Every customer is a new experience, and we can’t forget what it is not to know. We can’t allow previous engagements, or environmental situations, influence other engagements. Treat every engagement as if it’s on a clean slate.

5 – Netiquette is a Foreign Concept

Assume the idea of netiquette is a foreign concept to every customer.

Yes, it exists. It’s the principle that we have some form of etiquette when communicating with others on the Internet. It’s supposed to reiterate the basics of in-person human interactions, things we learned as child. Simple things, things like we should be nice to others; treat others the way we want to be treated. The Internet however makes it incredibly hard. We forget that the keyboard is but a means to communicate, it shouldn’t change your personality and should not be used as a shield to be a jacktard.

It’s hard though. You have to be prepared to deal with stuck CAPS LOCK keys, and amplification of points with extra punctuation (!!!!!!!) and use of profanity and insults (i.e., are you guys complete idiots?, you are a stupid twat!!!).

While the behavior is absolutely inexcusable, it’s a sad reality and your teams have to be prepared to work with it. The first step is understanding and assuming that Netiquette is a foreign concept so look past the noise, and focus on the problem. Responding to the issue only further amplifies the problem, and it’s rarely a true personal attack but their only way of dealing with the issue. It doesn’t mean you can call them on the issue respectively, inform them that type of behavior is never acceptable.

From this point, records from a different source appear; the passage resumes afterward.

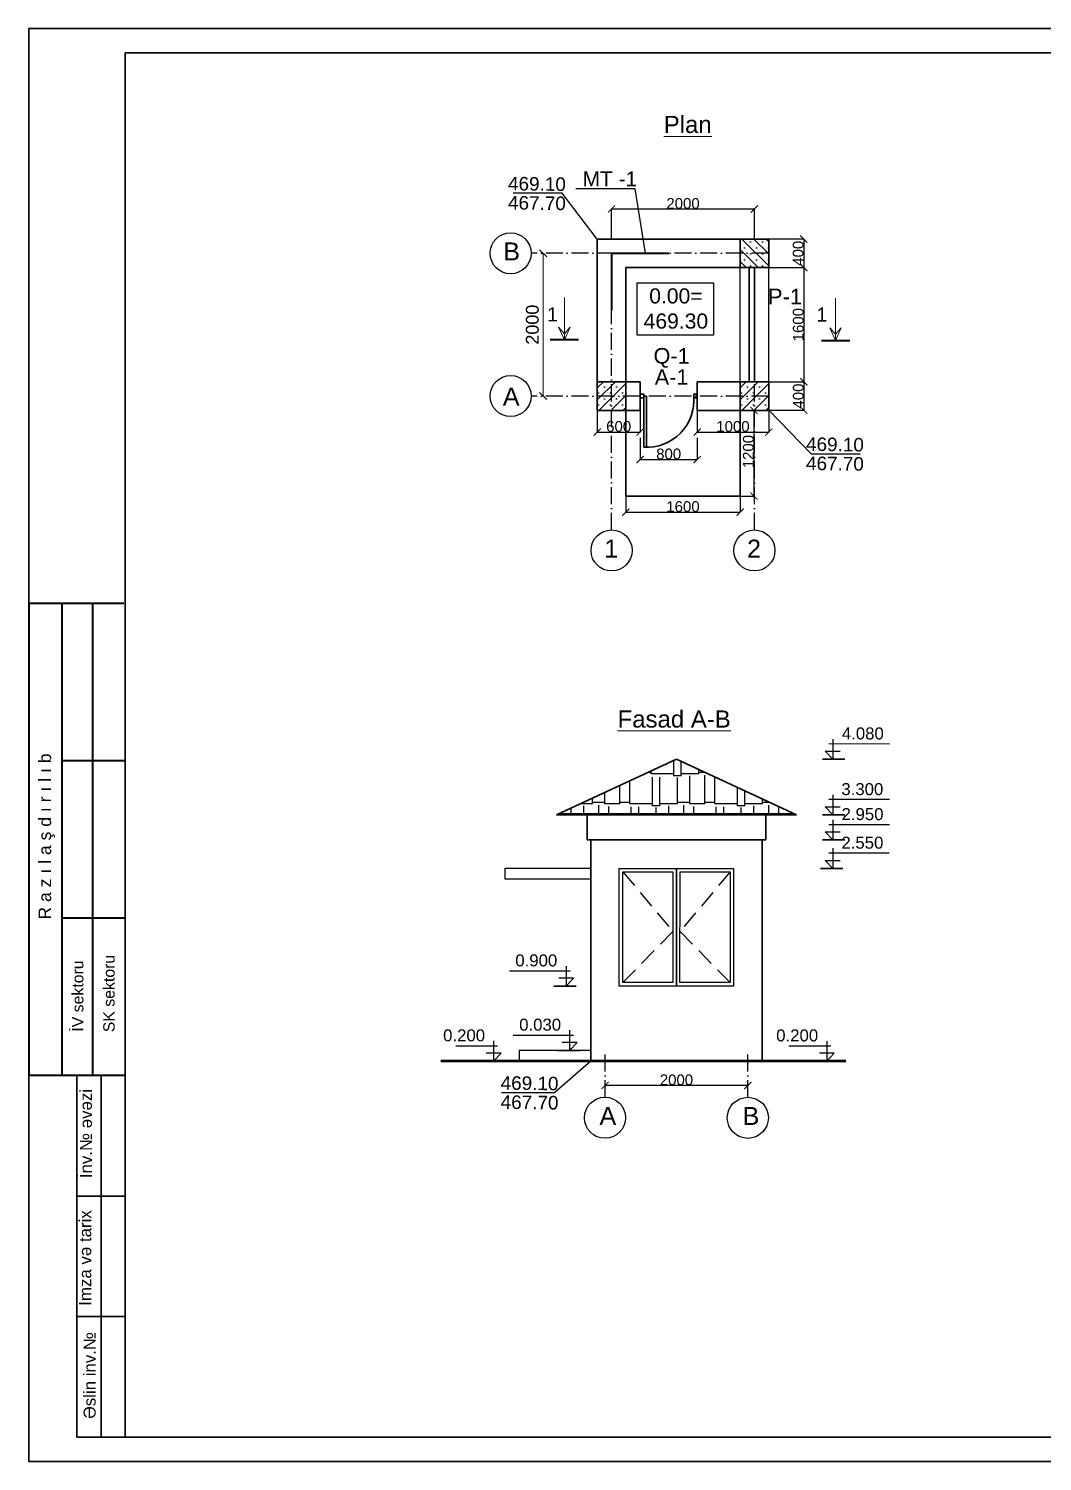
# Model space of a CAD drawing. Header units: millimetres. Extents: x 120281 to 1416367021, y -641565767 to 918373.
# Drawn here: x 821534 to 835725, y 835357 to 855428 of the extents above; entities that cross this region are included whole.
import ezdxf

# ---------------------------------------------------------------- set-up
doc = ezdxf.new("R2010")
doc.units = ezdxf.units.MM
for name, pattern in [('ACAD_ISO02W100', [15, 12, -3]), ('ACAD_ISO10W100', [18, 12, -3, 0, -3]), ('CENTER', [50.8, 31.75, -6.35, 6.35, -6.35]), ('HIDDEN', [0.375, 0.25, -0.125])]:
    doc.linetypes.add(name, pattern=pattern)
doc.layers.add('0_ANNOT_Dimensions', color=7, linetype='Continuous')
for name, color, linetype, lineweight in [('33', 7, 'Continuous', 35), ('Layer2', 7, 'Continuous', 13), ('Xar. ölcülər.-1', 230, 'Continuous', 15), ('Yazı', 7, 'Continuous', 15), ('аракясмя', 130, 'Continuous', 20), ('колонна', 50, 'Continuous', 40), ('окна', 150, 'Continuous', 15), ('оси', 85, 'CENTER', 9), ('ось', 20, 'ACAD_ISO02W100', 0), ('перегородка', 130, 'Continuous', 20), ('перегородки', 130, 'Continuous', 15), ('размер', 90, 'Continuous', 40), ('размер 1', 6, 'Continuous', 15), ('стены', 32, 'Continuous', 40)]:
    doc.layers.add(name, color=color, linetype=linetype, lineweight=lineweight)
doc.styles.add('Annotative', font='arial.ttf')
doc.styles.add('ARIAL', font='arial.ttf')
doc.styles.add('Arial AzLat', font='AZLTM.TTF', dxfattribs={"height": 300})
doc.styles.add('Arial-065-0', font='arial.ttf', dxfattribs={"width": 0.65})
doc.styles.get("Standard").update_dxf_attribs({"font": 'arial.ttf'})
doc.styles.add('Standart', font='arial.ttf')
doc.styles.add('style5', font='times.ttf', dxfattribs={"height": 400})
doc.styles.add('Times New  Roman', font='times.ttf')
doc.dimstyles.new('250', dxfattribs={"dimtxt": 370, "dimasz": 100, "dimexe": 1.25, "dimexo": 0.625, "dimgap": 60, "dimtad": 1, "dimtxsty": 'Times New  Roman', "dimblk": 'OBLIQUE', "dimcen": 2.5, "dimadec": 0, "dimazin": 0, "dimtfac": 1, "dimtix": 1, "dimtmove": 0, "dimatfit": 3, "dimldrblk": 'OBLIQUE', "dimfxl": 1, "dimlwd": 0, "dimlwe": 0, "dimarcsym": 0})
doc.dimstyles.new('ISO-25', dxfattribs={"dimtxt": 150, "dimasz": 100, "dimexe": 1.25, "dimexo": 0.625, "dimtad": 1, "dimtxsty": 'Standard', "dimblk": 'ARCHTICK', "dimcen": 2.5, "dimadec": 0, "dimazin": 0, "dimtfac": 1, "dimtmove": 0, "dimatfit": 3, "dimfxl": 1, "dimarcsym": 0})

# ---------------------------------------------------------------- blocks, each defined once
blk = doc.blocks.new('Гапы 800')
at = {"layer": 'окна', "color": 0, "lineweight": 30}
for p, q in [((738398, 437154), (738398, 437869)), ((738436, 437871), (738436, 437154)), ((738436, 437154), (738398, 437154))]:
    blk.add_line(p, q, dxfattribs=at)
for points in [[(738348, 437179), (738348, 437129), (738398, 437129), (738398, 437179)], [(739098, 437179), (739098, 437129), (739148, 437129), (739148, 437179)]]:
    blk.add_lwpolyline(points, close=True, dxfattribs=at)
blk.add_arc((738445, 437215), 656, 354.6709, 94.1137, dxfattribs=at)
blk = doc.blocks.new('_Oblique')
at = {"color": 0, "linetype": 'ByBlock', "lineweight": -2}
blk.add_line((-0.5, -0.5), (0.5, 0.5), dxfattribs=at)
blk = doc.blocks.new('*D513')
at = {"layer": 'Defpoints', "color": 0, "lineweight": 53, "transparency": 16777216}
for p in [(828737, 852281), (828737, 850281), (828737, 850281)]:
    blk.add_point(p, dxfattribs=at)
at = {"layer": 'Xar. ölcülər.-1', "color": 0, "lineweight": 0, "transparency": 16777216}
for p, q in [((828737, 852281), (828737, 850281)), ((828738, 852281), (828738, 852281)), ((828738, 850281), (828738, 850281))]:
    blk.add_line(p, q, dxfattribs=at)
at = {"layer": 'Xar. ölcülər.-1', "color": 0, "lineweight": 0, "transparency": 16777216, "xscale": 100, "yscale": 100, "zscale": 100}
for p, rotation in [((828737, 852281), 90), ((828737, 850281), 270)]:
    blk.add_blockref('_Oblique', p, dxfattribs=dict(at, rotation=rotation))
at = {"layer": 'Xar. ölcülər.-1', "color": 0, "lineweight": 20, "transparency": 16777216, "insert": (828586, 851281), "char_height": 180, "attachment_point": 5, "rotation": 90, "style": 'ARIAL'}
blk.add_mtext('2000', dxfattribs=at)
blk = doc.blocks.new('_ArchTick')
at = {"color": 0, "linetype": 'ByBlock', "const_width": 0.15}
blk.add_lwpolyline([(-0.5, -0.5), (0.5, 0.5)], dxfattribs=at)
blk = doc.blocks.new('*D512')
at = {"layer": '0_ANNOT_Dimensions', "color": 0, "lineweight": -2, "transparency": 16777216}
for p, q in [((829603, 840624), (829603, 840625)), ((831603, 840623), (829603, 840624)), ((831603, 840624), (831603, 840624))]:
    blk.add_line(p, q, dxfattribs=at)
at = {"layer": 'Defpoints', "color": 0, "lineweight": 53, "transparency": 16777216}
for p in [(829603, 840624), (829603, 840624), (831603, 840623)]:
    blk.add_point(p, dxfattribs=at)
at = {"layer": '0_ANNOT_Dimensions', "color": 0, "lineweight": -2, "transparency": 16777216, "xscale": 100, "yscale": 100, "zscale": 100}
for p, rotation in [((829603, 840624), 179.9883059271044), ((831603, 840623), 359.9883059271044)]:
    blk.add_blockref('_ArchTick', p, dxfattribs=dict(at, rotation=rotation))
at = {"layer": '0_ANNOT_Dimensions', "color": 0, "transparency": 16777216, "insert": (830603, 840701), "char_height": 150, "attachment_point": 5, "rotation": 359.9883}
blk.add_mtext('2000', dxfattribs=at)
blk = doc.blocks.new('*D514')
at = {"layer": '0_ANNOT_Dimensions', "color": 0, "lineweight": -2, "transparency": 16777216}
for p, q in [((829694, 852481), (829694, 852902)), ((831694, 852901), (829694, 852901)), ((831694, 852481), (831694, 852902))]:
    blk.add_line(p, q, dxfattribs=at)
at = {"layer": 'Defpoints', "color": 0, "lineweight": 53, "transparency": 16777216}
for p in [(829694, 852901), (829694, 852481), (831694, 852481)]:
    blk.add_point(p, dxfattribs=at)
at = {"layer": '0_ANNOT_Dimensions', "color": 0, "lineweight": -2, "transparency": 16777216, "xscale": 100, "yscale": 100, "zscale": 100, "rotation": 180}
blk.add_blockref('_ArchTick', (829694, 852901), dxfattribs=at)
at = {"layer": '0_ANNOT_Dimensions', "color": 0, "lineweight": -2, "transparency": 16777216, "xscale": 100, "yscale": 100, "zscale": 100}
blk.add_blockref('_ArchTick', (831694, 852901), dxfattribs=at)
at = {"layer": '0_ANNOT_Dimensions', "color": 0, "transparency": 16777216, "insert": (830695, 852978), "char_height": 150, "attachment_point": 5}
blk.add_mtext('2000', dxfattribs=at)
blk = doc.blocks.new('*D515')
at = {"layer": '0_ANNOT_Dimensions', "color": 0, "lineweight": -2, "transparency": 16777216}
for p, q in [((831824, 852481), (832386, 852481)), ((832384, 852481), (832384, 852081)), ((831824, 852081), (832386, 852081))]:
    blk.add_line(p, q, dxfattribs=at)
at = {"layer": 'Defpoints', "color": 0, "lineweight": 53, "transparency": 16777216}
for p in [(831823, 852481), (831823, 852081), (832384, 852081)]:
    blk.add_point(p, dxfattribs=at)
at = {"layer": '0_ANNOT_Dimensions', "color": 0, "lineweight": -2, "transparency": 16777216, "xscale": 100, "yscale": 100, "zscale": 100}
for p, rotation in [((832384, 852481), 90), ((832384, 852081), 270)]:
    blk.add_blockref('_ArchTick', p, dxfattribs=dict(at, rotation=rotation))
at = {"layer": '0_ANNOT_Dimensions', "color": 0, "transparency": 16777216, "insert": (832307, 852281), "char_height": 150, "attachment_point": 5, "rotation": 90}
blk.add_mtext('400', dxfattribs=at)
blk = doc.blocks.new('*D516')
at = {"layer": '0_ANNOT_Dimensions', "color": 0, "lineweight": -2, "transparency": 16777216}
for p, q in [((831824, 852081), (832387, 852081)), ((832386, 852081), (832386, 850481)), ((831824, 850481), (832387, 850481))]:
    blk.add_line(p, q, dxfattribs=at)
at = {"layer": 'Defpoints', "color": 0, "lineweight": 53, "transparency": 16777216}
for p in [(831823, 852081), (831823, 850481), (832386, 850481)]:
    blk.add_point(p, dxfattribs=at)
at = {"layer": '0_ANNOT_Dimensions', "color": 0, "lineweight": -2, "transparency": 16777216, "xscale": 100, "yscale": 100, "zscale": 100}
for p, rotation in [((832386, 852081), 90), ((832386, 850481), 270)]:
    blk.add_blockref('_ArchTick', p, dxfattribs=dict(at, rotation=rotation))
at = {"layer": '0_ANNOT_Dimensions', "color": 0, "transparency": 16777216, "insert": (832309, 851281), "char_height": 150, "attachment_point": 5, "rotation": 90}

6 – Don’t be Afraid to Fire or Refuse Service

Finally, don’t be afraid to fire or refuse service. I’ll admit, this was a tough one for us early on, every dollar was needed, and we were naive to think that exemplary support would make everyone happy. It doesn’t. Now in our sixth year of business, things are different. We know customers are not always right, and now we know that our product is not for everyone so it’s ok to say, “it’s not you, it’s me.”

Customer Service is Tough

People are tough nuts to crack; they’re not code, they’re impossible to debug. When you mix different cultures it gets even more complicated. Some cultures are just naturally a bit more curt than others, it’s not personal. Some people are also more sensitive than others, both customer support agents and customers, and so you have to navigate those waters as well. People though, as complex as they are, are at the core of any great customer support apparatus.

It’s something you have to work on continuously and be prepared to evolve as your audience changes, something that will happen as you grow. Growth will bring about a number of challenges in customer support, not just because of changing audiences, but also the natural challenges of scaling people. We have to be cognizant of our support agents that are working the front lines dealing with our customers.

While irate customers likely make up 5% of your customer base, they are the ones that your support agents have to deal with the most and so it’s easy to feel that you’re failing as an entity. If you believe every pissed off customer it can be a real morale killer, so remember to actively search for the positive engagements and share it with your team. It’s also why it’s so important to protect your team, identify those customers that are no longer a fit and get rid of them. Get them out of the mix, they function as a poison to the entire support engine and you reach a point in the relationship where there is no recovering or repairing the experience. Perfect time to recommend a competitor.. :)

When your company has a customer service function, that means everyone has a customer service responsibility regardless of your role or position in the company.